What the task requires: In the data below, the answer is the run of lines from the line containing "C2low1_active = 1" through the line containing "is6VExternallySupplied = true", both included; print it exactly and nothing else.

[[ Data extract, beginning ]]

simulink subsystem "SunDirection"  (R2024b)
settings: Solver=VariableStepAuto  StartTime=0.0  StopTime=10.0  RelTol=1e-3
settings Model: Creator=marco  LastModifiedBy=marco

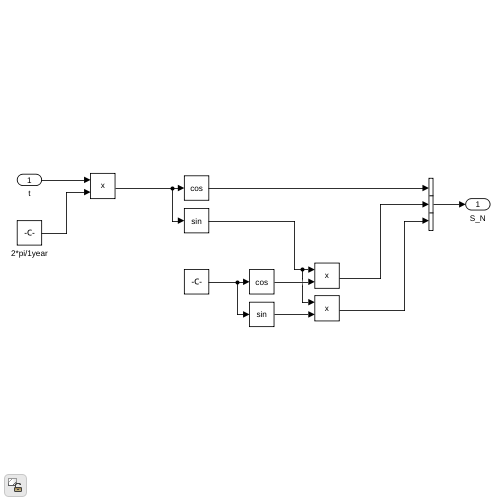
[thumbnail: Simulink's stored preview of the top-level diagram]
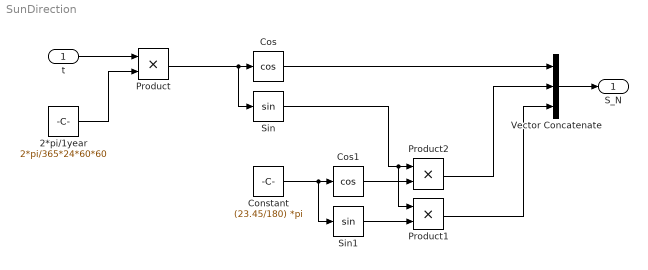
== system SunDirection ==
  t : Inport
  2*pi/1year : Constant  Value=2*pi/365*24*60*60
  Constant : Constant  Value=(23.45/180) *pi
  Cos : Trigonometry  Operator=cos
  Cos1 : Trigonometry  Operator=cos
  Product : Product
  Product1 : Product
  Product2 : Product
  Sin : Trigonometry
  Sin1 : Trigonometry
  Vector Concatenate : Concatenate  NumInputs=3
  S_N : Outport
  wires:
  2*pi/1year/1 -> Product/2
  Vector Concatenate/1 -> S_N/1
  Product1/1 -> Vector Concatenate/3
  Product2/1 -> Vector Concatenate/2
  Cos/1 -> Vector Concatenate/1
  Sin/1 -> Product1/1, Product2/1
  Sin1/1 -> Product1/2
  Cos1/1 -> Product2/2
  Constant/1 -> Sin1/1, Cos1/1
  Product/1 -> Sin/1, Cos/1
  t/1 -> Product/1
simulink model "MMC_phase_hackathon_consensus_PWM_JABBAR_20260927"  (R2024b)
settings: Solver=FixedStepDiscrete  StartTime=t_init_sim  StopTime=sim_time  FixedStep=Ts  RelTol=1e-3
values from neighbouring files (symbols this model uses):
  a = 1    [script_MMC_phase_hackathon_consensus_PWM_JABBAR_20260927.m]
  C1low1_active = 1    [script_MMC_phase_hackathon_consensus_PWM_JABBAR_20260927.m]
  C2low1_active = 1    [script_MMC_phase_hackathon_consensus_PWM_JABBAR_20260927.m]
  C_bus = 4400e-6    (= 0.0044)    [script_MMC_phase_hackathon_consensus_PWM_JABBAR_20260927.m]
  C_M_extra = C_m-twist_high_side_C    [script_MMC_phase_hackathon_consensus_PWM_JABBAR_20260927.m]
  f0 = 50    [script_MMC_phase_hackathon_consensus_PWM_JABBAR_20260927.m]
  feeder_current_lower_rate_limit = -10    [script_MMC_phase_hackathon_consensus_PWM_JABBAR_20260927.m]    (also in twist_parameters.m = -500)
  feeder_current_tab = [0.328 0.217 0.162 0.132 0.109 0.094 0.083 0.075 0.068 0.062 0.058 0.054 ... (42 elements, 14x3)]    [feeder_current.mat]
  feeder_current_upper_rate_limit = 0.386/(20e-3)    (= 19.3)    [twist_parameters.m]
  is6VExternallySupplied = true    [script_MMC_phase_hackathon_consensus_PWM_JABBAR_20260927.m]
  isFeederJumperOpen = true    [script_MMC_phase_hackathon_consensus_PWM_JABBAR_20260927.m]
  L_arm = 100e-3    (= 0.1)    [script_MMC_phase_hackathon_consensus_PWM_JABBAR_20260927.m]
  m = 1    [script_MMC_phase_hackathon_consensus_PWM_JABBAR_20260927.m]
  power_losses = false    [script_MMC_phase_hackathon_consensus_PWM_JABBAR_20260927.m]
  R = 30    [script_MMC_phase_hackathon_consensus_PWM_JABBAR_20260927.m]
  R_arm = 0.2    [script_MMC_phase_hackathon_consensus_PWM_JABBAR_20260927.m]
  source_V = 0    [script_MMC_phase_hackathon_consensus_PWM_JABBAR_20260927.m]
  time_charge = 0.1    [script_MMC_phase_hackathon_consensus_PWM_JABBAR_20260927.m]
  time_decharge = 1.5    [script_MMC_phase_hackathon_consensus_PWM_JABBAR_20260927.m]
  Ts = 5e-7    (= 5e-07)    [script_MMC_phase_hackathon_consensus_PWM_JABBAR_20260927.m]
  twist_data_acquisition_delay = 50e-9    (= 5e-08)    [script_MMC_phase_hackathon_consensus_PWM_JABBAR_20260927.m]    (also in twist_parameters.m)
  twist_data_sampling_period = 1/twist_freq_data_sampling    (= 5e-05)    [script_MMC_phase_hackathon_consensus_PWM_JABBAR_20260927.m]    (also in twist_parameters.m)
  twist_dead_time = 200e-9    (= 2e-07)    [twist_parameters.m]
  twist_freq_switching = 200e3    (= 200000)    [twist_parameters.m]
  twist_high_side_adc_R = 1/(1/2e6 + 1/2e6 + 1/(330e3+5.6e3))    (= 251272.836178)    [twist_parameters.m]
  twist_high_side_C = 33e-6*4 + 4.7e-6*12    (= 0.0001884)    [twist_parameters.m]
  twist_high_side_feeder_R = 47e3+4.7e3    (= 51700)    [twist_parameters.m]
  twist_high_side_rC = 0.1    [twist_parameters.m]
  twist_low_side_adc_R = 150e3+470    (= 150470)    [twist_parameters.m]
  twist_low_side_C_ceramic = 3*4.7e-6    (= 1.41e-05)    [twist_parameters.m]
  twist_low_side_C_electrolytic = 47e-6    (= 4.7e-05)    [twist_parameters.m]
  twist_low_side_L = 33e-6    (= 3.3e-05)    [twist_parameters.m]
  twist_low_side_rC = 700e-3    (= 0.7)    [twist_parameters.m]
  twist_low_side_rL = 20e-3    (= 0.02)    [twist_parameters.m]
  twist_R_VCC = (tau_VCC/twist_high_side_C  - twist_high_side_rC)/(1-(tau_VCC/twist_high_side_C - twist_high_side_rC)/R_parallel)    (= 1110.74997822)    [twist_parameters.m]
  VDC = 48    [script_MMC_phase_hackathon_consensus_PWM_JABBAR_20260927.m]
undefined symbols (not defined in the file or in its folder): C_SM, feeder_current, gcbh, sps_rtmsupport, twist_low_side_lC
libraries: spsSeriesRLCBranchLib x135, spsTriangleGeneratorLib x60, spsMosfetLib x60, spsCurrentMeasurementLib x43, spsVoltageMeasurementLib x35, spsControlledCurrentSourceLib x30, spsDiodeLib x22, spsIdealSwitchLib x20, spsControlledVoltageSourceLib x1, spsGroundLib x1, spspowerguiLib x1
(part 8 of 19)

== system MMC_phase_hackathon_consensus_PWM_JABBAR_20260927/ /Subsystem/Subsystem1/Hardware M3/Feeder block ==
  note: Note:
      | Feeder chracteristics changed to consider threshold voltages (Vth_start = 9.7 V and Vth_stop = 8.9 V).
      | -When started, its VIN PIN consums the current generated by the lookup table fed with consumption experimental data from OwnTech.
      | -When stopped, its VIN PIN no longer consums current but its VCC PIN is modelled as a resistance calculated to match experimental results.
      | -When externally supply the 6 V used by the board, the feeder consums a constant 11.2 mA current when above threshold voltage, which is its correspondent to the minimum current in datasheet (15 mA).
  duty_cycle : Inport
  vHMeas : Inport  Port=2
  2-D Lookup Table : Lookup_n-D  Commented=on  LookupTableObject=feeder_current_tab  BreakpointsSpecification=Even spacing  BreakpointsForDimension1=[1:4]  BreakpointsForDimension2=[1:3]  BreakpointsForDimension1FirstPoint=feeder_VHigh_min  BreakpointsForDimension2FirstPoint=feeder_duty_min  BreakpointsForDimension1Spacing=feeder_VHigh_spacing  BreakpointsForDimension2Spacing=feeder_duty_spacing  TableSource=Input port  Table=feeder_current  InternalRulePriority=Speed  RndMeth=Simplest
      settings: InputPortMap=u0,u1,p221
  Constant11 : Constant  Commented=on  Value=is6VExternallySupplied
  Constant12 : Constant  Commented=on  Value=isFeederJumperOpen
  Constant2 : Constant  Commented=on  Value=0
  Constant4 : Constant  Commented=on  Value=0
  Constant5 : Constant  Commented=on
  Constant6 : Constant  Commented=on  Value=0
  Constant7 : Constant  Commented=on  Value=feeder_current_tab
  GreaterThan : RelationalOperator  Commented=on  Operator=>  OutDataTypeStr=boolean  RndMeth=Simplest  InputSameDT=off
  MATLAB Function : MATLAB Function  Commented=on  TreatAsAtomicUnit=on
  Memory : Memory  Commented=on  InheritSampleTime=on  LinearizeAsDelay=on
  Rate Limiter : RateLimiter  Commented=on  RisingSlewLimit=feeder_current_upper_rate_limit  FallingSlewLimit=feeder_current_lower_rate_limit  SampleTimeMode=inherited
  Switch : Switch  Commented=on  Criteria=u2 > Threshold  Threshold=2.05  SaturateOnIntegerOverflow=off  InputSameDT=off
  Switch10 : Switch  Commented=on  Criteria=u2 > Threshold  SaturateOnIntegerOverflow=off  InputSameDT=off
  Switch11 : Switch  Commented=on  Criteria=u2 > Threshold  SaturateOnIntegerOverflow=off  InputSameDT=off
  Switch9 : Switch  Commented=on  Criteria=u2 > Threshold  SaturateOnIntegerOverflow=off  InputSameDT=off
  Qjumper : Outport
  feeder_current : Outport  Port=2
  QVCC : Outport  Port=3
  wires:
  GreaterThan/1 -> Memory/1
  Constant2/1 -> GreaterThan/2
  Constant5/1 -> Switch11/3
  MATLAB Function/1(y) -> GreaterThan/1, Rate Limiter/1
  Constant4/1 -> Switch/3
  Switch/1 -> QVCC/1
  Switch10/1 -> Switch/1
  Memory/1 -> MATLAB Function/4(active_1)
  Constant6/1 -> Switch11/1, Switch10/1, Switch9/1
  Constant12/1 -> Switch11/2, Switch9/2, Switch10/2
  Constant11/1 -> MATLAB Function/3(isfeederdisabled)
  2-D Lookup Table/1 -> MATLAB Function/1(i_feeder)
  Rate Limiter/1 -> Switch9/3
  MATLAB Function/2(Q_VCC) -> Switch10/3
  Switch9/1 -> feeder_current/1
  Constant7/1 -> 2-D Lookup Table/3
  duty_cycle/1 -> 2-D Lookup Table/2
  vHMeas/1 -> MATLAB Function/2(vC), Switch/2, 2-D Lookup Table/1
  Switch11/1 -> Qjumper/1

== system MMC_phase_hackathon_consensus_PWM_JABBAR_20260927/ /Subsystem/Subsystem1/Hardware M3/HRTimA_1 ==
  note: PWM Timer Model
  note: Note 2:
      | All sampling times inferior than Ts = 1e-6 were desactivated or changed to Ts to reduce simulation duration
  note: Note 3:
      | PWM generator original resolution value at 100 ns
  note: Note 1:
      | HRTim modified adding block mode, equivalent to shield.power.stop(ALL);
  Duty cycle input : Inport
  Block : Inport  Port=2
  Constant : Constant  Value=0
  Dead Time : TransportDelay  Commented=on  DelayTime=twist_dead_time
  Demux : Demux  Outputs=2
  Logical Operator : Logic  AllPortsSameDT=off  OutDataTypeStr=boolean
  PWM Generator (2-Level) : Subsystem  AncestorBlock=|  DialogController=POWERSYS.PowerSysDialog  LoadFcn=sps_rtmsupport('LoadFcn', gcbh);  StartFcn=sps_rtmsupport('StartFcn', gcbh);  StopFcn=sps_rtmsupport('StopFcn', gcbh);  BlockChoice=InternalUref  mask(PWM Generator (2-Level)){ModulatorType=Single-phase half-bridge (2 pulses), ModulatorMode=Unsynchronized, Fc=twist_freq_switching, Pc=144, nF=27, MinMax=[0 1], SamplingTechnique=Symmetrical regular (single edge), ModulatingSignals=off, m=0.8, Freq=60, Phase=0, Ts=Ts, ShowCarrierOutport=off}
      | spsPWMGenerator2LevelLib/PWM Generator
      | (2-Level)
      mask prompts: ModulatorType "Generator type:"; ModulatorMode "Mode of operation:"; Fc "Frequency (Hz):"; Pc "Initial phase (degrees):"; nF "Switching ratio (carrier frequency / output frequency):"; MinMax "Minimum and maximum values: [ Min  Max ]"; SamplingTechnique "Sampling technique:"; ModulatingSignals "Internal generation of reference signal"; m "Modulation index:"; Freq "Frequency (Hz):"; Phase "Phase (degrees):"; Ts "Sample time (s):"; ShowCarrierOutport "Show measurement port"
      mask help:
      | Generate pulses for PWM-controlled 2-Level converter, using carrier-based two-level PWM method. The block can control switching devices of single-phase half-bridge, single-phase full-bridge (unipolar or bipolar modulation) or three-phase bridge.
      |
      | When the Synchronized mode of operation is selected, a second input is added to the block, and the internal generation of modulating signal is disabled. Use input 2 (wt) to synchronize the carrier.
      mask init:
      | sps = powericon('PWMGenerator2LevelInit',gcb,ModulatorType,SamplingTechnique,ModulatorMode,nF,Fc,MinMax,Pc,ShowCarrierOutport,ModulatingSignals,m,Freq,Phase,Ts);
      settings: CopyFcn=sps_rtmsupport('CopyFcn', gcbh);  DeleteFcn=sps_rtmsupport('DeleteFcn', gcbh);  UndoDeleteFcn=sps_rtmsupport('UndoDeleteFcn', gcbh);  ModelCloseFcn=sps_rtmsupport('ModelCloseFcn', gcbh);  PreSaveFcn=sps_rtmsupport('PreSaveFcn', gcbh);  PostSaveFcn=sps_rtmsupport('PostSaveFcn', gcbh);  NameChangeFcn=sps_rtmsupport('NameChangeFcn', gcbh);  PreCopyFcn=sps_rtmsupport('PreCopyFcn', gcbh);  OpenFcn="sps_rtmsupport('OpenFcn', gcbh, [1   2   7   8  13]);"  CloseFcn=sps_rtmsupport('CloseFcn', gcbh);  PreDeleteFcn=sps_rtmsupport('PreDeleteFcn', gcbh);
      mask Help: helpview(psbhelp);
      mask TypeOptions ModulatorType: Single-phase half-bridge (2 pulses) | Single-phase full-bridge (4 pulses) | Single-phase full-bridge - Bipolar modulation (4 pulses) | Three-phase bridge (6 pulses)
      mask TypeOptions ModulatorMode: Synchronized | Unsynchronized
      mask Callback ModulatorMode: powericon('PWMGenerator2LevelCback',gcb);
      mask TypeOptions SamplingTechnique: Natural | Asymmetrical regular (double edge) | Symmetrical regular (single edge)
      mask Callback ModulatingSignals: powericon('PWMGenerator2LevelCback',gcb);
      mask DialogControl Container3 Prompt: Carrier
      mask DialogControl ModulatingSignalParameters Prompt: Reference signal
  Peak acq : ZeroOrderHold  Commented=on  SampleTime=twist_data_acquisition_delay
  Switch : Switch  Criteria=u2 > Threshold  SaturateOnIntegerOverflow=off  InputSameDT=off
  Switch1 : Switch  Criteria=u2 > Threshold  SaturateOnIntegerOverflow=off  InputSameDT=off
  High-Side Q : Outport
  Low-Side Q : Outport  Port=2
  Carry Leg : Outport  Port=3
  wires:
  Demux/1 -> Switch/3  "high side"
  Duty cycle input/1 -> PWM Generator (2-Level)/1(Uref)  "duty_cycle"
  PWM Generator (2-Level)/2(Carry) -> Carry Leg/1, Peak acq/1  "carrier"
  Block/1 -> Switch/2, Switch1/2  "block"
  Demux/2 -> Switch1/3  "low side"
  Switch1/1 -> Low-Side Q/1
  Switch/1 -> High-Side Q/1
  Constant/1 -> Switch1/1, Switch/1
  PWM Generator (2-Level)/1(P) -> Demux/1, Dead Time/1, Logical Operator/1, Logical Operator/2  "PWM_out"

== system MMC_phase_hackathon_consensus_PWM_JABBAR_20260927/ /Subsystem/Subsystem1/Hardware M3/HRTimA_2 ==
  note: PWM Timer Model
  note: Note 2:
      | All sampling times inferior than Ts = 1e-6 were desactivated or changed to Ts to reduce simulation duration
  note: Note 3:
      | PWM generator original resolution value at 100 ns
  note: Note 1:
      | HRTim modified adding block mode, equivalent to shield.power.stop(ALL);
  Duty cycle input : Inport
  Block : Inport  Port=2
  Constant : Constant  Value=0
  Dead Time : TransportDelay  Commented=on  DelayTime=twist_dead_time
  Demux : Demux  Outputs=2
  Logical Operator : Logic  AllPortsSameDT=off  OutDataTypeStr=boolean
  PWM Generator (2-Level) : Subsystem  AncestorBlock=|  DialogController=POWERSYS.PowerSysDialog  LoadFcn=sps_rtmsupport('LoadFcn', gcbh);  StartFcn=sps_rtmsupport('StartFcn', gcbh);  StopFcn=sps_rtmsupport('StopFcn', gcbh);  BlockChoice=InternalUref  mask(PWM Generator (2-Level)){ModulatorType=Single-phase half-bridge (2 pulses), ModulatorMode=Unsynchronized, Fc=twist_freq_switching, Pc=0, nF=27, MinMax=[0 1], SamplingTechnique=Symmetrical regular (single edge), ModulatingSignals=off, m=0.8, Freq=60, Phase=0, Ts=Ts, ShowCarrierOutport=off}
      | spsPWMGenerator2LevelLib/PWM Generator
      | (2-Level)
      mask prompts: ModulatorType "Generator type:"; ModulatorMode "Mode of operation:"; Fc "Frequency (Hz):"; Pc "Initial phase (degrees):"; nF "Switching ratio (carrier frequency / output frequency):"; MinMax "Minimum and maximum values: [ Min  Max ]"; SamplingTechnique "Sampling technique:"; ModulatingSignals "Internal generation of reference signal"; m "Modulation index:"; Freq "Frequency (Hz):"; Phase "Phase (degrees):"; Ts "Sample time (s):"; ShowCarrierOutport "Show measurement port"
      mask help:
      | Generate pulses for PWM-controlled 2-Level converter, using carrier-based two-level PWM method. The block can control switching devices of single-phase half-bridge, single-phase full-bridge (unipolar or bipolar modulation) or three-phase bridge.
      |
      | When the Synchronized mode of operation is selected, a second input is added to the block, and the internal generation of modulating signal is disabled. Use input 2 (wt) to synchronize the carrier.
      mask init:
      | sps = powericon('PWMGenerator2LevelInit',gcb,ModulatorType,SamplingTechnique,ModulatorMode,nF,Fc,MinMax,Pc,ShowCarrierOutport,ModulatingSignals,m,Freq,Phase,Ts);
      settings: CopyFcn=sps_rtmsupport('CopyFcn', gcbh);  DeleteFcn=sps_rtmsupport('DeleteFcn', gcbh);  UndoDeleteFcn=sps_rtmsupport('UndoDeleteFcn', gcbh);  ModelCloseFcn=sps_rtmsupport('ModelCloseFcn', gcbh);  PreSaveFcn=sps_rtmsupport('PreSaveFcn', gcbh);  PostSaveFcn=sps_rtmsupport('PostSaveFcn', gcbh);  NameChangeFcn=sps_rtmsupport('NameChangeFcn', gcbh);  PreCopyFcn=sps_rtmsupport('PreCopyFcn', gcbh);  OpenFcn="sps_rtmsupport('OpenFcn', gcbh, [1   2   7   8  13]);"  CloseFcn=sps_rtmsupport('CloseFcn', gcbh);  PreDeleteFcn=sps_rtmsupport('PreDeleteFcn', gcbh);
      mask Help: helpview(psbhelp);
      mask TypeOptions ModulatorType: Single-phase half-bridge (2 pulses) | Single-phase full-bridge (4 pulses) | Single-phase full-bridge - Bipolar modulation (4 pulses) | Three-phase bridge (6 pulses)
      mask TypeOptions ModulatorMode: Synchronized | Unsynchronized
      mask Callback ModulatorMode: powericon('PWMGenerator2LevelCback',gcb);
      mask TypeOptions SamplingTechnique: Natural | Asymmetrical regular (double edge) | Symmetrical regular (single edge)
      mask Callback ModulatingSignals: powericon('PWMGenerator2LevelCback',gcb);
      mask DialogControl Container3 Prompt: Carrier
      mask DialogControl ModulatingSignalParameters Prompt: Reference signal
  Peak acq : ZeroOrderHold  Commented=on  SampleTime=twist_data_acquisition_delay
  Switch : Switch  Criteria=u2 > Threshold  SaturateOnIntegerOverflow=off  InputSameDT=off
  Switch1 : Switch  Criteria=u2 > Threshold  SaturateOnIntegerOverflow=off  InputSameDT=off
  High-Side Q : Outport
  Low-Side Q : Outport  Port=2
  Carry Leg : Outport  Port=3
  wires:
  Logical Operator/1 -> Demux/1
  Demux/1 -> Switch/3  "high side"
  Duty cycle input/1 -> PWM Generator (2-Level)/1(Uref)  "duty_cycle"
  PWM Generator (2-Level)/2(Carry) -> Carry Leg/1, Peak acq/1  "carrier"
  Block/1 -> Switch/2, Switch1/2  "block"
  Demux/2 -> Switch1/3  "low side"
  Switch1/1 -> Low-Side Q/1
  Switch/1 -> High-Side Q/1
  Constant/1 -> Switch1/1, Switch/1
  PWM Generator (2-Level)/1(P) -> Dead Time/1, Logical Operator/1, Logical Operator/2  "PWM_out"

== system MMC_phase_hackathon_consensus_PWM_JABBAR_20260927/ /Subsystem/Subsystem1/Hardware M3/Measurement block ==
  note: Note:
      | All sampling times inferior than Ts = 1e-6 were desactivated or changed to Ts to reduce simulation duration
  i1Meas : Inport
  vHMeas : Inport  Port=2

[[ Data extract, end ]]

Exercise solution:
  C2low1_active = 1    [script_MMC_phase_hackathon_consensus_PWM_JABBAR_20260927.m]
  C_bus = 4400e-6    (= 0.0044)    [script_MMC_phase_hackathon_consensus_PWM_JABBAR_20260927.m]
  C_M_extra = C_m-twist_high_side_C    [script_MMC_phase_hackathon_consensus_PWM_JABBAR_20260927.m]
  f0 = 50    [script_MMC_phase_hackathon_consensus_PWM_JABBAR_20260927.m]
  feeder_current_lower_rate_limit = -10    [script_MMC_phase_hackathon_consensus_PWM_JABBAR_20260927.m]    (also in twist_parameters.m = -500)
  feeder_current_tab = [0.328 0.217 0.162 0.132 0.109 0.094 0.083 0.075 0.068 0.062 0.058 0.054 ... (42 elements, 14x3)]    [feeder_current.mat]
  feeder_current_upper_rate_limit = 0.386/(20e-3)    (= 19.3)    [twist_parameters.m]
  is6VExternallySupplied = true    [script_MMC_phase_hackathon_consensus_PWM_JABBAR_20260927.m]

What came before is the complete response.